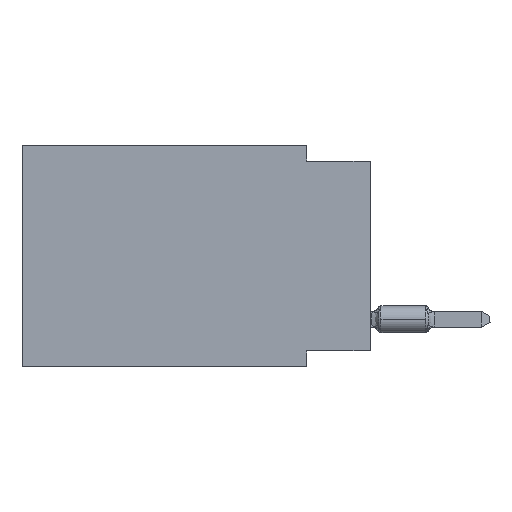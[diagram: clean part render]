
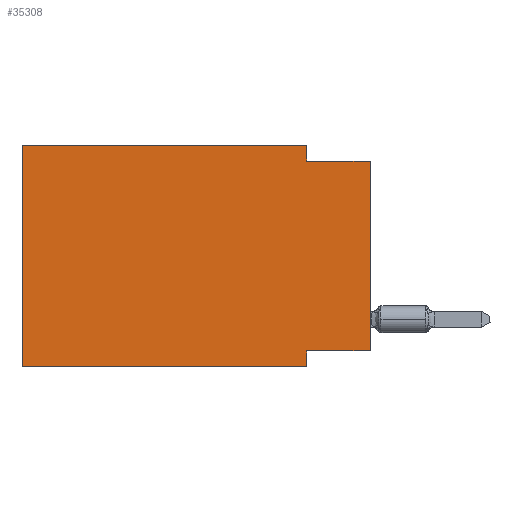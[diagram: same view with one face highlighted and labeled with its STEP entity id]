
A CAD part, left-side view. The second image highlights one B-rep face of the part: STEP entity #35308.
In plain terms, the highlighted planar face has unit normal (-1, 0, 0).
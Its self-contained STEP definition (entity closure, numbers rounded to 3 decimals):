
#1458 = EDGE_LOOP ( 'NONE', ( #28165, #12707, #34918, #42792, #21665, #29937, #21707, #26696 ) ) ;
#1921 = EDGE_CURVE ( 'NONE', #27398, #2352, #12943, .T. ) ;
#2352 = VERTEX_POINT ( 'NONE', #8787 ) ;
#2932 = DIRECTION ( 'NONE',  ( 0., 0., -1. ) ) ;
#3379 = LINE ( 'NONE', #16772, #33998 ) ;
#4719 = VERTEX_POINT ( 'NONE', #41008 ) ;
#5430 = LINE ( 'NONE', #12137, #13843 ) ;
#5913 = DIRECTION ( 'NONE',  ( 0., 0., 1. ) ) ;
#5997 = CARTESIAN_POINT ( 'NONE',  ( 0., 13.97, 0. ) ) ;
#7386 = VECTOR ( 'NONE', #37792, 1000. ) ;
#8412 = VECTOR ( 'NONE', #25467, 1000. ) ;
#8622 = CARTESIAN_POINT ( 'NONE',  ( 0., 0., -8.255 ) ) ;
#8787 = CARTESIAN_POINT ( 'NONE',  ( 0., 2.54, -8.255 ) ) ;
#10138 = VERTEX_POINT ( 'NONE', #13462 ) ;
#10679 = CARTESIAN_POINT ( 'NONE',  ( 0., 2.54, 0. ) ) ;
#11351 = AXIS2_PLACEMENT_3D ( 'NONE', #30639, #37352, #17429 ) ;
#12137 = CARTESIAN_POINT ( 'NONE',  ( 0., 0., -0.635 ) ) ;
#12707 = ORIENTED_EDGE ( 'NONE', *, *, #14374, .F. ) ;
#12943 = LINE ( 'NONE', #8622, #16415 ) ;
#13462 = CARTESIAN_POINT ( 'NONE',  ( 0., 2.54, -8.89 ) ) ;
#13695 = DIRECTION ( 'NONE',  ( 0., 0., -1. ) ) ;
#13843 = VECTOR ( 'NONE', #22300, 1000. ) ;
#13965 = PLANE ( 'NONE',  #11351 ) ;
#14374 = EDGE_CURVE ( 'NONE', #22889, #27222, #5430, .T. ) ;
#14622 = CARTESIAN_POINT ( 'NONE',  ( 0., 0., 0. ) ) ;
#16401 = EDGE_CURVE ( 'NONE', #2352, #10138, #18733, .T. ) ;
#16415 = VECTOR ( 'NONE', #21820, 1000. ) ;
#16772 = CARTESIAN_POINT ( 'NONE',  ( 0., 13.97, -8.89 ) ) ;
#17429 = DIRECTION ( 'NONE',  ( 0., 0., -1. ) ) ;
#17840 = EDGE_CURVE ( 'NONE', #27398, #27222, #28474, .T. ) ;
#17892 = CARTESIAN_POINT ( 'NONE',  ( 0., 2.54, 0. ) ) ;
#18127 = VECTOR ( 'NONE', #13695, 1000. ) ;
#18733 = LINE ( 'NONE', #19377, #23253 ) ;
#19377 = CARTESIAN_POINT ( 'NONE',  ( 0., 2.54, -8.89 ) ) ;
#20567 = VERTEX_POINT ( 'NONE', #22752 ) ;
#21564 = CARTESIAN_POINT ( 'NONE',  ( 0., 0., -8.255 ) ) ;
#21665 = ORIENTED_EDGE ( 'NONE', *, *, #32868, .F. ) ;
#21707 = ORIENTED_EDGE ( 'NONE', *, *, #16401, .F. ) ;
#21820 = DIRECTION ( 'NONE',  ( 0., 1., 0. ) ) ;
#22300 = DIRECTION ( 'NONE',  ( 0., -1., 0. ) ) ;
#22631 = VERTEX_POINT ( 'NONE', #17892 ) ;
#22752 = CARTESIAN_POINT ( 'NONE',  ( 0., 13.97, -8.89 ) ) ;
#22889 = VERTEX_POINT ( 'NONE', #31746 ) ;
#23253 = VECTOR ( 'NONE', #2932, 1000. ) ;
#25467 = DIRECTION ( 'NONE',  ( 0., -1., 0. ) ) ;
#25804 = LINE ( 'NONE', #35561, #27876 ) ;
#26209 = CARTESIAN_POINT ( 'NONE',  ( 0., 0., -0.635 ) ) ;
#26311 = EDGE_CURVE ( 'NONE', #22631, #22889, #30165, .T. ) ;
#26696 = ORIENTED_EDGE ( 'NONE', *, *, #1921, .F. ) ;
#27222 = VERTEX_POINT ( 'NONE', #26209 ) ;
#27398 = VERTEX_POINT ( 'NONE', #21564 ) ;
#27876 = VECTOR ( 'NONE', #5913, 1000. ) ;
#28165 = ORIENTED_EDGE ( 'NONE', *, *, #17840, .T. ) ;
#28474 = LINE ( 'NONE', #14622, #7386 ) ;
#29492 = EDGE_CURVE ( 'NONE', #4719, #22631, #31955, .T. ) ;
#29611 = EDGE_CURVE ( 'NONE', #20567, #10138, #3379, .T. ) ;
#29937 = ORIENTED_EDGE ( 'NONE', *, *, #29611, .T. ) ;
#30165 = LINE ( 'NONE', #10679, #18127 ) ;
#30639 = CARTESIAN_POINT ( 'NONE',  ( 0., 13.97, 0. ) ) ;
#30848 = FACE_OUTER_BOUND ( 'NONE', #1458, .T. ) ;
#31746 = CARTESIAN_POINT ( 'NONE',  ( 0., 2.54, -0.635 ) ) ;
#31955 = LINE ( 'NONE', #5997, #8412 ) ;
#32868 = EDGE_CURVE ( 'NONE', #20567, #4719, #25804, .T. ) ;
#33998 = VECTOR ( 'NONE', #40152, 1000. ) ;
#34918 = ORIENTED_EDGE ( 'NONE', *, *, #26311, .F. ) ;
#35308 = ADVANCED_FACE ( 'NONE', ( #30848 ), #13965, .F. ) ;
#35561 = CARTESIAN_POINT ( 'NONE',  ( 0., 13.97, 0. ) ) ;
#37352 = DIRECTION ( 'NONE',  ( 1., 0., 0. ) ) ;
#37792 = DIRECTION ( 'NONE',  ( 0., 0., 1. ) ) ;
#40152 = DIRECTION ( 'NONE',  ( 0., -1., 0. ) ) ;
#41008 = CARTESIAN_POINT ( 'NONE',  ( 0., 13.97, 0. ) ) ;
#42792 = ORIENTED_EDGE ( 'NONE', *, *, #29492, .F. ) ;
• • • • •
- REQUIRED WORK
Give the exact lines, and only those, from the line containing "#5997 = CARTESIAN_POINT" through the line containing "#13965 = PLANE" in the entries above.

- SOLUTION
#5997 = CARTESIAN_POINT ( 'NONE',  ( 0., 13.97, 0. ) ) ;
#7386 = VECTOR ( 'NONE', #37792, 1000. ) ;
#8412 = VECTOR ( 'NONE', #25467, 1000. ) ;
#8622 = CARTESIAN_POINT ( 'NONE',  ( 0., 0., -8.255 ) ) ;
#8787 = CARTESIAN_POINT ( 'NONE',  ( 0., 2.54, -8.255 ) ) ;
#10138 = VERTEX_POINT ( 'NONE', #13462 ) ;
#10679 = CARTESIAN_POINT ( 'NONE',  ( 0., 2.54, 0. ) ) ;
#11351 = AXIS2_PLACEMENT_3D ( 'NONE', #30639, #37352, #17429 ) ;
#12137 = CARTESIAN_POINT ( 'NONE',  ( 0., 0., -0.635 ) ) ;
#12707 = ORIENTED_EDGE ( 'NONE', *, *, #14374, .F. ) ;
#12943 = LINE ( 'NONE', #8622, #16415 ) ;
#13462 = CARTESIAN_POINT ( 'NONE',  ( 0., 2.54, -8.89 ) ) ;
#13695 = DIRECTION ( 'NONE',  ( 0., 0., -1. ) ) ;
#13843 = VECTOR ( 'NONE', #22300, 1000. ) ;
#13965 = PLANE ( 'NONE',  #11351 ) ;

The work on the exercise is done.